Eikland v. Casey

WOLVERTON, District Judge

(dissenting).

' After a very careful study of the present controversy, I am not persuaded that the rule which requires a person owning land, and having occasion to change the channel of a stream running through it for the purpose of reclamation or improvement for his benefit, under all circumstances, in order to protect his neighbor against injury, to construct a channel of equal capacity with the old or natural channel, is the better one. The rule in this country would seem to be to the contrary by an overwhelming weight of judicial utterance.

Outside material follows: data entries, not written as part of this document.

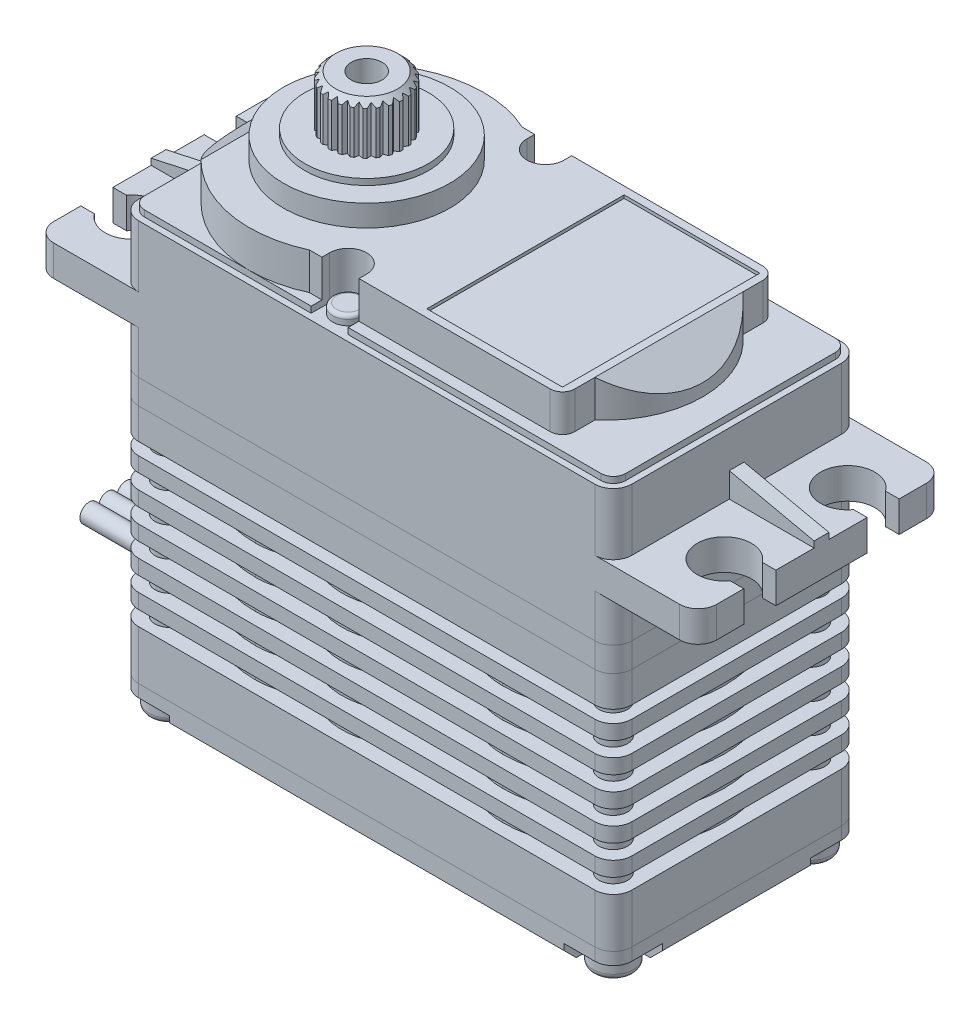
SolidWorks part; units mm, degrees
ref_plane "Front Plane" through (0, 0, 0) normal (0, 0, 1) x (1, 0, 0)
ref_plane "Top Plane" through (0, 0, 0) normal (0, 1, 0) x (1, 0, 0)
ref_plane "Right Plane" through (0, 0, 0) normal (1, 0, 0) x (0, 0, -1)
sketch "Sketch3" plane through (0, 0, 0) normal (0, 1, 0) x (1, 0, 0)
  line L1 (-20, -10) -> (20, -10)
  line L2 (-20, -10) -> (-20, 10)
  line L3 (-20, 10) -> (20, 10)
  line L4 (20, -10) -> (20, 10)
  line L5 (-20, -10) -> (20, 10) construction
  line L6 (-20, 10) -> (20, -10) construction
  point P0 (0, 0)
  dimension "D1" = 40
  dimension "D2" = 20
extrude "Boss-Extrude2" add sketch "Sketch3" against normal blind 27.5 and the other way blind 7.5
sketch "Sketch4" plane through (0, 0, 0) normal (0, 1, 0) x (1, 0, 0)
  line L0 (20, 10) -> (-20, 10) construction
  line L1 (-26.875, -10) -> (26.875, -10)
  line L2 (-26.875, -10) -> (-26.875, 10)
  line L3 (-26.875, 10) -> (26.875, 10)
  line L4 (26.875, -10) -> (26.875, 10)
  line L5 (-26.875, -10) -> (26.875, 10) construction
  line L6 (-26.875, 10) -> (26.875, -10) construction
  point P0 (0, 0)
  dimension "D1" = 53.75
extrude "Boss-Extrude3" add sketch "Sketch4" along normal blind 2.5
sketch "Sketch5" plane through (0, 2.5, 0) normal (0, 1, 0) x (1, 0, 0)
  line L1 (-24, -5) -> (24, -5) construction
  line L2 (-24, -5) -> (-24, 5) construction
  line L3 (-24, 5) -> (24, 5) construction
  line L4 (24, -5) -> (24, 5) construction
  line L5 (-24, -5) -> (24, 5) construction
  line L6 (-24, 5) -> (24, -5) construction
  circle A0 centre (-24, 5) radius 2.2
  circle A1 centre (-24, -5) radius 2.2
  circle A2 centre (24, -5) radius 2.2
  circle A3 centre (24, 5) radius 2.2
  point P0 (0, 0)
  dimension "D3" = 4.4
  dimension "D1" = 10
  dimension "D2" = 48
extrude "Cut-Extrude2" cut sketch "Sketch5" against normal through all
sketch "Sketch6" plane through (0, 2.5, 0) normal (0, 1, 0) x (1, 0, 0)
  line L0 (-24, 5) -> (-26.875, 5) construction
  line L1 (-26.875, 10) -> (-26.875, -10) construction
  line L2 (-24, 3.7) -> (-26.875, 3.7)
  line L3 (-24, 6.3) -> (-26.875, 6.3)
  line L4 (-24, -5) -> (-26.875, -5) construction
  line L5 (-24, -6.3) -> (-26.875, -6.3)
  line L6 (-24, -3.7) -> (-26.875, -3.7)
  line L7 (24, -5) -> (26.875, -5) construction
  line L8 (26.875, -10) -> (26.875, 10) construction
  line L9 (24, -3.7) -> (26.875, -3.7)
  line L10 (24, -6.3) -> (26.875, -6.3)
  line L11 (24, 5) -> (26.875, 5) construction
  line L12 (24, 6.3) -> (26.875, 6.3)
  line L13 (24, 3.7) -> (26.875, 3.7)
  arc A0 (-24, 3.7) -> (-24, 6.3) centre (-24, 5) ccw
  arc A1 (-26.875, 6.3) -> (-26.875, 3.7) centre (-26.875, 5) ccw
  arc A2 (-24, -6.3) -> (-24, -3.7) centre (-24, -5) ccw
  arc A3 (-26.875, -3.7) -> (-26.875, -6.3) centre (-26.875, -5) ccw
  arc A4 (24, -3.7) -> (24, -6.3) centre (24, -5) ccw
  arc A5 (26.875, -6.3) -> (26.875, -3.7) centre (26.875, -5) ccw
  arc A6 (24, 6.3) -> (24, 3.7) centre (24, 5) ccw
  arc A7 (26.875, 3.7) -> (26.875, 6.3) centre (26.875, 5) ccw
  point P5 (-25.4375, 5)
  point P10 (-25.4375, -5)
  point P18 (25.4375, -5)
  point P28 (25.4375, 5)
  dimension "D1" = 2.6
extrude "Cut-Extrude3" cut sketch "Sketch6" against normal through all
fillet "Fillet1" radius 1.5 4 edges at (26.875, 1.25, -10) (26.875, 1.25, 10) (-26.875, 1.25, 10) (-26.875, 1.25, -10)
fillet "Fillet2" radius 1.5 8 edges at (20, -13.75, -10) (20, 5, -10) (20, -13.75, 10) (20, 5, 10) (-20, 5, -10) (-20, -13.75, -10) (-20, 5, 10) (-20, -13.75, 10)
sketch "Sketch7" plane through (0, 7.5, 0) normal (0, 1, 0) x (1, 0, 0)
  line L8 (19.5, -8.5) -> (19.5, 8.5)
  line L9 (18.5, 9.5) -> (-18.5, 9.5)
  line L10 (-19.5, 8.5) -> (-19.5, -8.5)
  line L11 (-18.5, -9.5) -> (18.5, -9.5)
  line L12 (19.5, -8.5) -> (19.5, 8.5)
  line L13 (18.5, 9.5) -> (-18.5, 9.5)
  line L14 (-19.5, 8.5) -> (-19.5, -8.5)
  line L15 (-18.5, -9.5) -> (18.5, -9.5)
  arc A8 (19.5, 8.5) -> (18.5, 9.5) centre (18.5, 8.5) ccw
  arc A9 (-18.5, 9.5) -> (-19.5, 8.5) centre (-18.5, 8.5) ccw
  arc A10 (-19.5, -8.5) -> (-18.5, -9.5) centre (-18.5, -8.5) ccw
  arc A11 (18.5, -9.5) -> (19.5, -8.5) centre (18.5, -8.5) ccw
  arc A12 (19.5, 8.5) -> (18.5, 9.5) centre (18.5, 8.5) ccw
  arc A13 (-18.5, 9.5) -> (-19.5, 8.5) centre (-18.5, 8.5) ccw
  arc A14 (-19.5, -8.5) -> (-18.5, -9.5) centre (-18.5, -8.5) ccw
  arc A15 (18.5, -9.5) -> (19.5, -8.5) centre (18.5, -8.5) ccw
  dimension "D1" = 0.5
extrude "Boss-Extrude4" add sketch "Sketch7" along normal blind 0.5
sketch "Sketch8" plane through (0, 0, 0) normal (0, 0, 1) x (1, 0, 0)
  line L0 (20, 4.5) -> (26.875, 3)
  line L1 (20, 7.5) -> (20, 2.5) construction
  line L2 (26.875, 3) -> (26.875, 2.5)
  line L3 (26.875, 2.5) -> (20, 2.5)
  line L4 (20, 2.5) -> (20, 4.5)
  line L5 (18.5, 0) -> (25.375, 0) construction
  line L6 (-26.875, 2.5) -> (-26.875, 3)
  line L7 (-26.875, 3) -> (-20, 4.5)
  line L8 (-20, 2.5) -> (-20, 7.5) construction
  line L9 (-20, 4.5) -> (-20, 2.5)
  line L10 (-20, 2.5) -> (-26.875, 2.5)
  dimension "D1" = 0.5
  dimension "D2" = 4.5
extrude "Boss-Extrude5" add sketch "Sketch8" along normal mid plane 1.2
sketch "Sketch9" plane through (0, 8, 0) normal (0, 1, 0) x (1, 0, 0)
  line L0 (-19.5, 8.5) -> (-19.5, -8.5) construction
  line L1 (18.5, 9.5) -> (-18.5, 9.5) construction
  line L2 (-18.5, -9.5) -> (18.5, -9.5) construction
  line L3 (-6.0176, 8.625) -> (14.5, 8.625)
  line L4 (14.5, 8.625) -> (14.5, 6)
  line L5 (-6.0176, -8.625) -> (14.5, -8.625)
  line L6 (14.5, -8.625) -> (14.5, -6)
  line L7 (-19.5, 0) -> (17.25, 0) construction
  line L8 (20, -8.5) -> (20, 8.5) construction
  arc A0 (-6.0176, 8.625) -> (-6.0176, -8.625) centre (-10, 0) ccw
  arc A1 (14.5, 6) -> (14.5, -6) centre (9.3295, 0) cw
  dimension "D1" = 17.25
  dimension "D2" = 12
  dimension "D3" = 36.75
  dimension "D4" = 5.5
extrude "Boss-Extrude6" add sketch "Sketch9" along normal blind 3
sketch "Sketch10" plane through (0, 11, 0) normal (0, 1, 0) x (1, 0, 0)
  circle A0 centre (-10, 0) radius 6.75
  dimension "D1" = 13.5
extrude "Boss-Extrude7" add sketch "Sketch10" along normal blind 1.75
sketch "Sketch11" plane through (0, 0, 0) normal (0, 0, 1) x (1, 0, 0)
  line L0 (14.5, 11) -> (17.25, 9)
  line L1 (17.25, 8) -> (17.25, 11) construction
  line L2 (17.25, 9) -> (17.25, 11)
  line L3 (17.25, 11) -> (14.5, 11) construction
  line L4 (17.25, 11) -> (14.5, 11)
  line L5 (-10, 8) -> (18.5, 8) construction
  line L6 (-16.75, 11) -> (-19.5, 9)
  line L7 (-19.5, 9) -> (-19.5, 11)
  line L8 (-19.5, 11) -> (-16.75, 11)
  line L9 (-18.5, 8) -> (-10, 8) construction
  dimension "D1" = 1
  dimension "D2" = 1
extrude "Cut-Extrude4" cut sketch "Sketch11" against normal through all both and the other way through all
fillet "Fillet3" radius 1 2 edges at (14.5, 9.5, -8.625) (14.5, 9.5, 8.625)
sketch "Sketch12" plane through (0, 12.75, 0) normal (0, 1, 0) x (1, 0, 0)
  circle A0 centre (-10, 0) radius 5
  dimension "D1" = 10
extrude "Boss-Extrude8" add sketch "Sketch12" along normal blind 0.5
ref_plane "Plane2" through (0, -3.5, 0) normal (0, 1, 0) x (1, 0, 0)
split "Split1" trim tools "Plane2" bodies to split 115 resulting bodies 116 117
ref_plane "Plane3" through (0, -5.5, 0) normal (0, 1, 0) x (1, 0, 0)
split "Split2" trim tools "Plane3" bodies to split 117 resulting bodies 118 119
ref_plane "Plane4" through (0, -25, 0) normal (0, -1, 0) x (-1, 0, 0)
split "Split3" trim tools "Plane4" bodies to split 119 resulting bodies 120 121
sketch "Sketch13" plane through (0, 11, 0) normal (0, 1, 0) x (1, 0, 0)
  line L0 (-3.5, 8) -> (-3.5, -8) construction
  line L1 (-3.5, 0) -> (-10, 0) construction
  line L2 (14.5, -7.625) -> (14.5, -6) construction
  line L3 (-3.5, -8) -> (-3.5, -9.5) construction
  line L5 (-2, -8) -> (-2, -9.5)
  line L6 (-5, -8) -> (-5, -9.5)
  line L7 (-3.5, 8) -> (-3.5, 9.5) construction
  line L9 (-5, 8) -> (-5, 9.5)
  line L10 (-2, 8) -> (-2, 9.5)
  line L11 (18.5, 9.5) -> (-18.5, 9.5) construction
  circle A0 centre (-3.5, 8) radius 1.5 construction
  circle A1 centre (-3.5, -8) radius 1.5 construction
  arc A2 (-2, -8) -> (-5, -8) centre (-3.5, -8) ccw
  arc A3 (-5, -9.5) -> (-2, -9.5) centre (-3.5, -9.5) ccw
  arc A4 (-5, 8) -> (-2, 8) centre (-3.5, 8) ccw
  arc A5 (-2, 9.5) -> (-5, 9.5) centre (-3.5, 9.5) ccw
  point P12 (-3.5, -8.75)
  point P17 (-3.5, 8.75)
  dimension "D2" = 3
  dimension "D1" = 16
  dimension "D3" = 18
extrude "Cut-Extrude5" cut sketch "Sketch13" against normal up to surface (3.5 mm away) up to face at (0, 7.5, 0)
sketch "Sketch15" plane through (0, -27.5, 0) normal (0, -1, 0) x (1, 0, 0)
  line L0 (-20, -8.5) -> (-20, 8.5) construction
  line L1 (-20, 6) -> (-18, 6)
  line L2 (-20, 6) -> (-20, 10)
  line L3 (-20, 10) -> (-16, 10)
  line L4 (-16, 8) -> (-16, 10)
  line L5 (-18.5, 10) -> (18.5, 10) construction
  line L6 (18.5, -10) -> (-18.5, -10) construction
  line L7 (-20, -6) -> (-18, -6)
  line L8 (-20, -6) -> (-20, -10)
  line L9 (-20, -10) -> (-16, -10)
  line L10 (-16, -8) -> (-16, -10)
  line L11 (20, -8.5) -> (20, 8.5) construction
  line L12 (16, -10) -> (20, -10)
  line L13 (16, -10) -> (16, -8)
  line L14 (18, -6) -> (20, -6)
  line L15 (20, -10) -> (20, -6)
  line L17 (20, 6) -> (18, 6)
  line L18 (20, 6) -> (20, 10)
  line L19 (20, 10) -> (16, 10)
  line L20 (16, 8) -> (16, 10)
  arc A0 (18, 6) -> (16, 8) centre (18, 8) cw
  arc A1 (16, -8) -> (18, -6) centre (18, -8) cw
  arc A2 (-18, -6) -> (-16, -8) centre (-18, -8) cw
  arc A3 (-18, 6) -> (-16, 8) centre (-18, 8) ccw
  dimension "D3" = 2
  dimension "D1" = 4
  dimension "D2" = 4
extrude "Cut-Extrude6" cut sketch "Sketch15" against normal blind 1.5
chamfer "Chamfer3" distance 1 angle 45 4 edges at (20, -27.5, 0) (0, -27.5, 10) (0, -27.5, -10) (-20, -27.5, 0)
sketch "Sketch16" plane through (-20, 0, 0) normal (-1, 0, 0) x (0, 0, 1)
  line L0 (0, -21.5) -> (0, 0) construction
  line L1 (-3.5, -21.5) -> (3.5, -21.5)
  line L2 (-3.5, -21.5) -> (-3.5, -25.5)
  line L3 (-3.5, -25.5) -> (3.5, -25.5)
  line L4 (3.5, -21.5) -> (3.5, -25.5)
  line L5 (6, -27.5) -> (-6, -27.5) construction
  dimension "D1" = 4
  dimension "D2" = 2
  dimension "D3" = 7
extrude "Boss-Extrude9" add sketch "Sketch16" along normal blind 1 separate body
sketch "Sketch17" plane through (-21, 0, 0) normal (-1, 0, 0) x (0, 0, 1)
  line L8 (-3.25, -21.75) -> (-3.25, -25.25)
  line L9 (-3.25, -25.25) -> (3.25, -25.25)
  line L10 (3.25, -25.25) -> (3.25, -21.75)
  line L11 (3.25, -21.75) -> (-3.25, -21.75)
  line L12 (-3.25, -21.75) -> (-3.25, -25.25)
  line L13 (-3.25, -25.25) -> (3.25, -25.25)
  line L14 (3.25, -25.25) -> (3.25, -21.75)
  line L15 (3.25, -21.75) -> (-3.25, -21.75)
  dimension "D1" = 0.25
ref_plane "Plane5" through (-26, 0, 0) normal (-1, 0, 0) x (0, 0, 1)
sketch "Sketch18" plane through (-26, 0, 0) normal (-1, 0, 0) x (0, 0, 1)
  line L0 (-3.5, -25.5) -> (3.5, -21.5) construction
  line L2 (-2.5, -24.75) -> (2.5, -24.75)
  line L3 (-2.5, -24.75) -> (-2.5, -22.25)
  line L4 (-2.5, -22.25) -> (2.5, -22.25)
  line L5 (2.5, -24.75) -> (2.5, -22.25)
  line L6 (-2.5, -24.75) -> (2.5, -22.25) construction
  line L7 (-2.5, -22.25) -> (2.5, -24.75) construction
  point P4 (0, -23.5)
  dimension "D1" = 5
  dimension "D2" = 2.5
loft "Loft1" add profiles "Sketch17", "Sketch18" connector at (-21, -21.75, -3.25) connector at (-26, -22.25, -2.5)
sketch "Sketch19" plane through (-26, 0, 0) normal (-1, 0, 0) x (0, 0, 1)
  line L0 (0, -24.75) -> (0, -23.5) construction
  line L1 (-2.5, -24.75) -> (2.5, -24.75) construction
  line L2 (0, -23.5) -> (0, -22.25) construction
  line L3 (2.5, -22.25) -> (-2.5, -22.25) construction
  circle A0 centre (0, -23.5) radius 0.75
  circle A1 centre (1.5, -23.5) radius 0.75
  circle A2 centre (-1.5, -23.5) radius 0.75
  dimension "D1" = 1.5
extrude "Boss-Extrude11" add sketch "Sketch19" along normal blind 5 separate body contours A2 | A0 | A1 region at (-26, -23.5, 0) region at (-26, -23.5, -1.5) region at (-26, -23.5, 1.5)
sketch "Sketch20" plane through (0, 11, 0) normal (0, 1, 0) x (1, 0, 0)
  line L0 (-10, 0) -> (2.875, 0) construction
  line L1 (2.875, -8) -> (13.875, -8)
  line L2 (2.875, -8) -> (2.875, 8)
  line L3 (2.875, 8) -> (13.875, 8)
  line L4 (13.875, -8) -> (13.875, 8)
  line L5 (2.875, -8) -> (13.875, 8) construction
  line L6 (2.875, 8) -> (13.875, -8) construction
  line L7 (8.375, 8) -> (8.375, 8.625) construction
  line L8 (13.5, 8.625) -> (-2, 8.625) construction
  line L9 (13.875, 6.9566) -> (14.5, 6.9566) construction
  line L10 (14.5, 6) -> (14.5, 7.625) construction
  point P0 (8.375, 0)
  dimension "D1" = 16
  dimension "D2" = 11
extrude "Cut-Extrude7" cut sketch "Sketch20" against normal blind 0.25
sketch "Sketch21" plane through (0, 13.25, 0) normal (0, 1, 0) x (1, 0, 0)
  circle A0 centre (-10, 0) radius 3
  dimension "D1" = 6
extrude "Boss-Extrude12" add sketch "Sketch21" along normal blind 4 separate body
chamfer "Chamfer4" distance 0.5 angle 45 1 edges at (-10, 17.25, 3)
sketch "Sketch22" plane through (0, 17.25, 0) normal (0, 1, 0) x (1, 0, 0)
  line L0 (-10.25, 2.9896) -> (-10, 2.75)
  line L1 (-10, 2.75) -> (-9.75, 2.9896)
  line L2 (-10, 0) -> (-10, 2.75) construction
  line L3 (-10, 2.75) -> (-10, 3) construction
  arc A1 (-9.75, 2.9896) -> (-10.25, 2.9896) centre (-10, 0) ccw
  circle A2 centre (-10, 0) radius 3 construction
  dimension "D1" = 0.25
  dimension "D2" = 0.5
extrude "Cut-Extrude8" cut sketch "Sketch22" against normal up to surface (4 mm away) up to face at (-10, 13.25, 5)
pattern_circular "CirPattern1" count 25 over 360 about axis through (-10, 17.25, 0) along (0, -1, 0) of "Cut-Extrude8"
hole_wizard "M3x0.5 Tapped Hole1" positions "Sketch23" profile "Sketch25" tap size "M3x0.5" standard "ANSI Metric"
sketch "Sketch23" plane through (0, 17.25, 0) normal (0, 1, 0) x (1, 0, 0)
  point P0 (-10, 0)
sketch "Sketch25" plane through (-10, 17.25, 0) normal (1, 0, 0) x (0, 0, 1)
  line L0 (0, 0) -> (0, 9.2511)
  line L1 (0, 9.2511) -> (1.25, 8.5)
  line L2 (1.25, 8.5) -> (1.25, 0)
  line L5 (1.25, 0) -> (0, 0)
  line L10 (0, 9.2511) -> (-1.25, 8.5) construction
  line L11 (0, -6.35) -> (0, 107.95) construction
  dimension "Tap Drill Dia." = 2.5
  dimension "Tap Drill Depth" = 8.5
  dimension "Drill Angle" = 118
ref_plane "Plane6" through (0, -21, 0) normal (0, -1, 0) x (-1, 0, 0)
sketch "Sketch26" plane through (0, -26, 0) normal (0, -1, 0) x (1, 0, 0)
  line L0 (18, -8) -> (18, -10) construction
  line L1 (16, -10) -> (18.5, -10) construction
  line L2 (18, -8) -> (20, -8) construction
  line L3 (20, -8.5) -> (20, -6) construction
  line L5 (-18, 8) -> (18, 8) construction
  line L6 (-18, 8) -> (-18, -8) construction
  line L7 (-18, -8) -> (18, -8) construction
  line L8 (18, 8) -> (18, -8) construction
  line L9 (-18, 8) -> (18, -8) construction
  line L10 (-18, -8) -> (18, 8) construction
  circle A0 centre (18, -8) radius 1.65
  arc A1 (18, -6) -> (16, -8) centre (18, -8) ccw construction
  circle A2 centre (-18, -8) radius 1.65
  circle A3 centre (-18, 8) radius 1.65
  circle A4 centre (18, 8) radius 1.65
  point P8 (0, 0)
  dimension "D1" = 3.3
extrude "Boss-Extrude13" add sketch "Sketch26" along normal up to surface (1.5 mm away) up to face at (0, -27.5, 0)
fillet "Fillet4" radius 0.5 4 edges at (-18, -27.5, -9.65) (-18, -27.5, 6.35) (18, -27.5, 6.35) (18, -27.5, -9.65)
sketch "Sketch27" plane through (0, -21, 0) normal (0, -1, 0) x (-1, 0, 0)
  line L0 (0, 0) -> (-50000, 0) construction
  line L2 (-16, -9) -> (16, -9) construction
  line L3 (-19, 6) -> (-19, -6) construction
  line L4 (6.5, -8.5) -> (6.5, -9) construction
  line L5 (-3.5, -7.5) -> (-3.5, -9) construction
  line L6 (20, -8.5) -> (20, 8.5) construction
  line L11 (18.5, 10) -> (-18.5, 10)
  line L12 (20, -8.5) -> (20, 8.5)
  line L13 (-18.5, -10) -> (18.5, -10)
  line L14 (-20, 8.5) -> (-20, -8.5)
  line L15 (18.5, 10) -> (-18.5, 10)
  line L16 (20, -8.5) -> (20, 8.5)
  line L17 (-18.5, -10) -> (18.5, -10)
  line L18 (-20, 8.5) -> (-20, -8.5)
  circle A0 centre (-18, 8) radius 1.15 construction
  circle A1 centre (-18, -8) radius 1.15 construction
  circle A2 centre (18, -8) radius 1.15 construction
  circle A3 centre (18, 8) radius 1.15 construction
  circle A4 centre (-18, 8) radius 1.15
  circle A5 centre (-18, -8) radius 1.15
  circle A6 centre (18, -8) radius 1.15
  circle A7 centre (18, 8) radius 1.15
  arc A8 (10, 9) -> (10, -9) centre (10, 0) cw
  arc A9 (10, -9) -> (8.4576, -8.7797) centre (10, -3.4916) cw
  arc A10 (8.4576, -8.7797) -> (4.5424, -8.7797) centre (6.5, -15.4916) ccw
  arc A11 (4.5424, -8.7797) -> (0.5862, -8.443) centre (3, -3.4916) cw
  arc A12 (0.5862, -8.443) -> (-7.5862, -8.443) centre (-3.5, -16.8249) ccw
  arc A13 (-7.5862, -8.443) -> (-10, -9) centre (-10, -3.4916) cw
  arc A14 (-10, -9) -> (-10, 9) centre (-10, 0) cw
  arc A15 (10, 9) -> (8.4576, 8.7797) centre (10, 3.4916) ccw
  arc A16 (8.4576, 8.7797) -> (4.5424, 8.7797) centre (6.5, 15.4916) cw
  arc A17 (4.5424, 8.7797) -> (0.5862, 8.443) centre (3, 3.4916) ccw
  arc A18 (0.5862, 8.443) -> (-7.5862, 8.443) centre (-3.5, 16.8249) cw
  arc A19 (-7.5862, 8.443) -> (-10, 9) centre (-10, 3.4916) ccw
  arc A24 (-18.5, 10) -> (-20, 8.5) centre (-18.5, 8.5) ccw
  arc A25 (20, 8.5) -> (18.5, 10) centre (18.5, 8.5) ccw
  arc A26 (18.5, -10) -> (20, -8.5) centre (18.5, -8.5) ccw
  arc A27 (-20, -8.5) -> (-18.5, -10) centre (-18.5, -8.5) ccw
  arc A28 (-18.5, 10) -> (-20, 8.5) centre (-18.5, 8.5) ccw
  arc A29 (20, 8.5) -> (18.5, 10) centre (18.5, 8.5) ccw
  arc A30 (18.5, -10) -> (20, -8.5) centre (18.5, -8.5) ccw
  arc A31 (-20, -8.5) -> (-18.5, -10) centre (-18.5, -8.5) ccw
  dimension "D1" = 10
  dimension "D2" = 0.5
  dimension "D3" = 1.5
  dimension "D4" = 13.5
  dimension "D5" = 23.5
  dimension "D6" = 0
extrude "Cut-Extrude9" cut sketch "Sketch27" against normal blind 13
sketch "Sketch28" plane through (0, -21, 0) normal (0, 1, 0) x (1, 0, 0)
  line L4 (18.5, 10) -> (-18.5, 10)
  line L5 (-20, 8.5) -> (-20, -8.5)
  line L6 (-18.5, -10) -> (18.5, -10)
  line L7 (20, -8.5) -> (20, 8.5)
  line L8 (18.5, 10) -> (-18.5, 10)
  line L9 (-20, 8.5) -> (-20, -8.5)
  line L10 (-18.5, -10) -> (18.5, -10)
  line L11 (20, -8.5) -> (20, 8.5)
  arc A4 (20, 8.5) -> (18.5, 10) centre (18.5, 8.5) ccw
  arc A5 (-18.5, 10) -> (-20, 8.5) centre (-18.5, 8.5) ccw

I conceive the law to be that one desiring to change the channel of a stream, which he deems necessary in order to reap the greatest benefit to himself from his own holdings, must, for the protection of his neighbor, take care that the new channel is constructed in such a-way, and of such ample capacity, that it will not impede the usual flow of the water in the stream, nor the ordinary flood waters, such as might be reasonably expected or anticipated by the exercise of common prudence and foresight, taking into consideration the known climatic conditions, the topography of the country, and the experience of persons long resident within the locality. He is not required to anticipate unusual and extraordinary or unprecedented floods, such as are produced by the overwhelming cataclysms of nature, although they may not, in a strict sense, be classified as vis major or the acts of God. The trial court’s definition of an extraordinary flood is apt, namely, that it “is one of those unexpected visitations whose comings are not foreshadowed *928by the usual course of nature, and whose magnitude and destructiveness could not have been anticipated or provided against by the exercise of ordinary foresight.”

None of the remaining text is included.